#### Task material
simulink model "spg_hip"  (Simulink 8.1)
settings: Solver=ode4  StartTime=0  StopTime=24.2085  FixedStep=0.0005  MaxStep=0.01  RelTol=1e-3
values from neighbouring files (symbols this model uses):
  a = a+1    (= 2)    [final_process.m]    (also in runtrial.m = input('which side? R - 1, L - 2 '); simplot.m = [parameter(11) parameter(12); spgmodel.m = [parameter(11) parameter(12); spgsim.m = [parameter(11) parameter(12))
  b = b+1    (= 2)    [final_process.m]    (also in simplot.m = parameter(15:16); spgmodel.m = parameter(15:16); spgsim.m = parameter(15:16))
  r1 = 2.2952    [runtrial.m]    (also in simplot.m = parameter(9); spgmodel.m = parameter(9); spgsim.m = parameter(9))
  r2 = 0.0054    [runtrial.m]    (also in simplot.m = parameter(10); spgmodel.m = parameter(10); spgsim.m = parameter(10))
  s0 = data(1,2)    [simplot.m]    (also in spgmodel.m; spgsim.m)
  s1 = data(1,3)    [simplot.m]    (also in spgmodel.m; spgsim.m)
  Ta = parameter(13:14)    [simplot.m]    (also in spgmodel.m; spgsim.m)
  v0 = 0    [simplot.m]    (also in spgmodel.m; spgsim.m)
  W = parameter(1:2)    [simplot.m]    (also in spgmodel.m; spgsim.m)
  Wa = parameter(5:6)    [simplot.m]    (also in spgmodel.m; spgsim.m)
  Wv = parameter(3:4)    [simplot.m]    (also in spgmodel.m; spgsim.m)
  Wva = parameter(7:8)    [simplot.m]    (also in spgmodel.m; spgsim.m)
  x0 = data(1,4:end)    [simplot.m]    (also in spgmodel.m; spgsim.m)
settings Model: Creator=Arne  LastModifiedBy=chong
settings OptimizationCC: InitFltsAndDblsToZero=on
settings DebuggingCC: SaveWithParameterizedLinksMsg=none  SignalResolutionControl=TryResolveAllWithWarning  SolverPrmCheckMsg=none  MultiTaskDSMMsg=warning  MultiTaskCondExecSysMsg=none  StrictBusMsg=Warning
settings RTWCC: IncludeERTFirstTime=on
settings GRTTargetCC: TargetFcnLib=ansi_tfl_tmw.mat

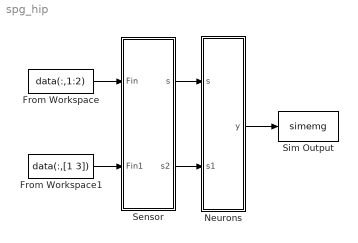
== system spg_hip ==
  From Workspace : FromWorkspace  VariableName=data(:,1:2)  SampleTime=0
  From Workspace1 : FromWorkspace  VariableName=data(:,[1 3])  SampleTime=0
  Neurons : Subsystem
  Sensor : Subsystem
  Sim Output : ToWorkspace  VariableName=simemg  SampleTime=-1
  wires:
  From Workspace/1 -> Sensor/1(Fin)
  Sensor/1(s) -> Neurons/1(s)
  Neurons/1(y) -> Sim Output/1
  Sensor/2(s2) -> Neurons/2(s1)
  From Workspace1/1 -> Sensor/2(Fin1)

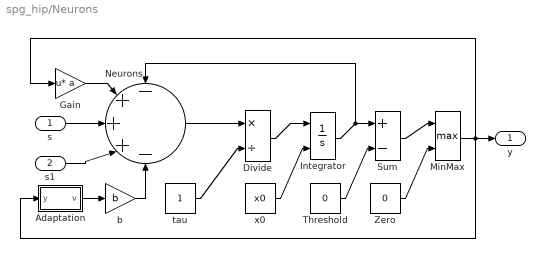
== system spg_hip/Neurons ==
  s : Inport
  s1 : Inport  Port=2
  Adaptation : Subsystem
  Divide : Product  Inputs=*/
  Gain : Gain  Gain=a  Multiplication=Matrix(u*K)
  Integrator : Integrator  InitialConditionSource=external
  MinMax : MinMax  Function=max  Inputs=2
  Neurons : Sum  Inputs=-+++-
  Sum : Sum  Inputs=+-
  Threshold : Constant  Value=0
  Zero : Constant  Value=0  VectorParams1D=off
  b : Gain  Gain=b
  tau : Constant  VectorParams1D=off
  x0 : Constant  Value=x0  VectorParams1D=off
  y : Outport
  wires:
  Integrator/1 -> Neurons/1, Sum/1
  Zero/1 -> MinMax/2
  MinMax/1 -> Adaptation/1(y), y/1, Gain/1
  Neurons/1 -> Divide/1
  tau/1 -> Divide/2
  Divide/1 -> Integrator/1
  x0/1 -> Integrator/2
  Adaptation/1(v) -> b/1
  Gain/1 -> Neurons/2
  Threshold/1 -> Sum/2
  Sum/1 -> MinMax/1
  s/1 -> Neurons/3
  b/1 -> Neurons/5
  s1/1 -> Neurons/4

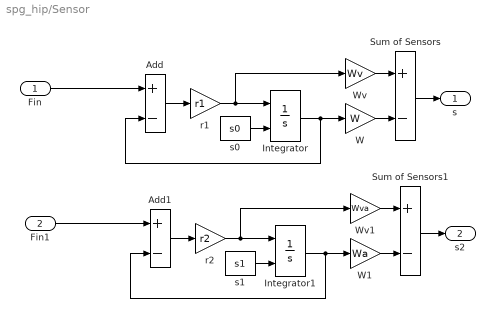
== system spg_hip/Sensor ==
  Fin : Inport
  Fin1 : Inport  Port=2
  Add : Sum  Inputs=+-
  Add1 : Sum  Inputs=+-
  Integrator : Integrator  InitialConditionSource=external
  Integrator1 : Integrator  InitialConditionSource=external
  Sum of Sensors : Sum  Inputs=+-
  Sum of Sensors1 : Sum  Inputs=+-
  W : Gain  Gain=W
  W1 : Gain  Gain=Wa
  Wv : Gain  Gain=Wv
  Wv1 : Gain  Gain=Wva
  r1 : Gain  Gain=r1
  r2 : Gain  Gain=r2
  s0 : Constant  Value=s0
  s1 : Constant  Value=s1
  s : Outport
  s2 : Outport  Port=2
  wires:
  Add/1 -> r1/1
  Integrator/1 -> Add/2, W/1
  r1/1 -> Integrator/1, Wv/1
  Fin/1 -> Add/1
  s0/1 -> Integrator/2
  Wv/1 -> Sum of Sensors/1
  W/1 -> Sum of Sensors/2
  Sum of Sensors/1 -> s/1
  Add1/1 -> r2/1
  Integrator1/1 -> Add1/2, W1/1
  r2/1 -> Integrator1/1, Wv1/1
  s1/1 -> Integrator1/2
  Wv1/1 -> Sum of Sensors1/1
  W1/1 -> Sum of Sensors1/2
  Sum of Sensors1/1 -> s2/1
  Fin1/1 -> Add1/1

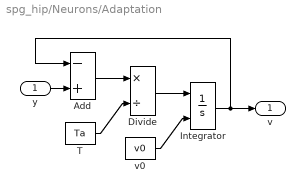
== system spg_hip/Neurons/Adaptation ==
  y : Inport
  Add : Sum  Inputs=-+
  Divide : Product  Inputs=*/
  Integrator : Integrator  InitialConditionSource=external
  T : Constant  Value=Ta  VectorParams1D=off
  v0 : Constant  Value=v0  VectorParams1D=off
  v : Outport
  wires:
  Integrator/1 -> Add/1, v/1
  y/1 -> Add/2
  T/1 -> Divide/2
  Add/1 -> Divide/1
  Divide/1 -> Integrator/1
  v0/1 -> Integrator/2

#### Problem
Each line above that has the word "data" should be copied.

#### Exercise result
  s0 = data(1,2)    [simplot.m]    (also in spgmodel.m; spgsim.m)
  s1 = data(1,3)    [simplot.m]    (also in spgmodel.m; spgsim.m)
  x0 = data(1,4:end)    [simplot.m]    (also in spgmodel.m; spgsim.m)
  From Workspace : FromWorkspace  VariableName=data(:,1:2)  SampleTime=0
  From Workspace1 : FromWorkspace  VariableName=data(:,[1 3])  SampleTime=0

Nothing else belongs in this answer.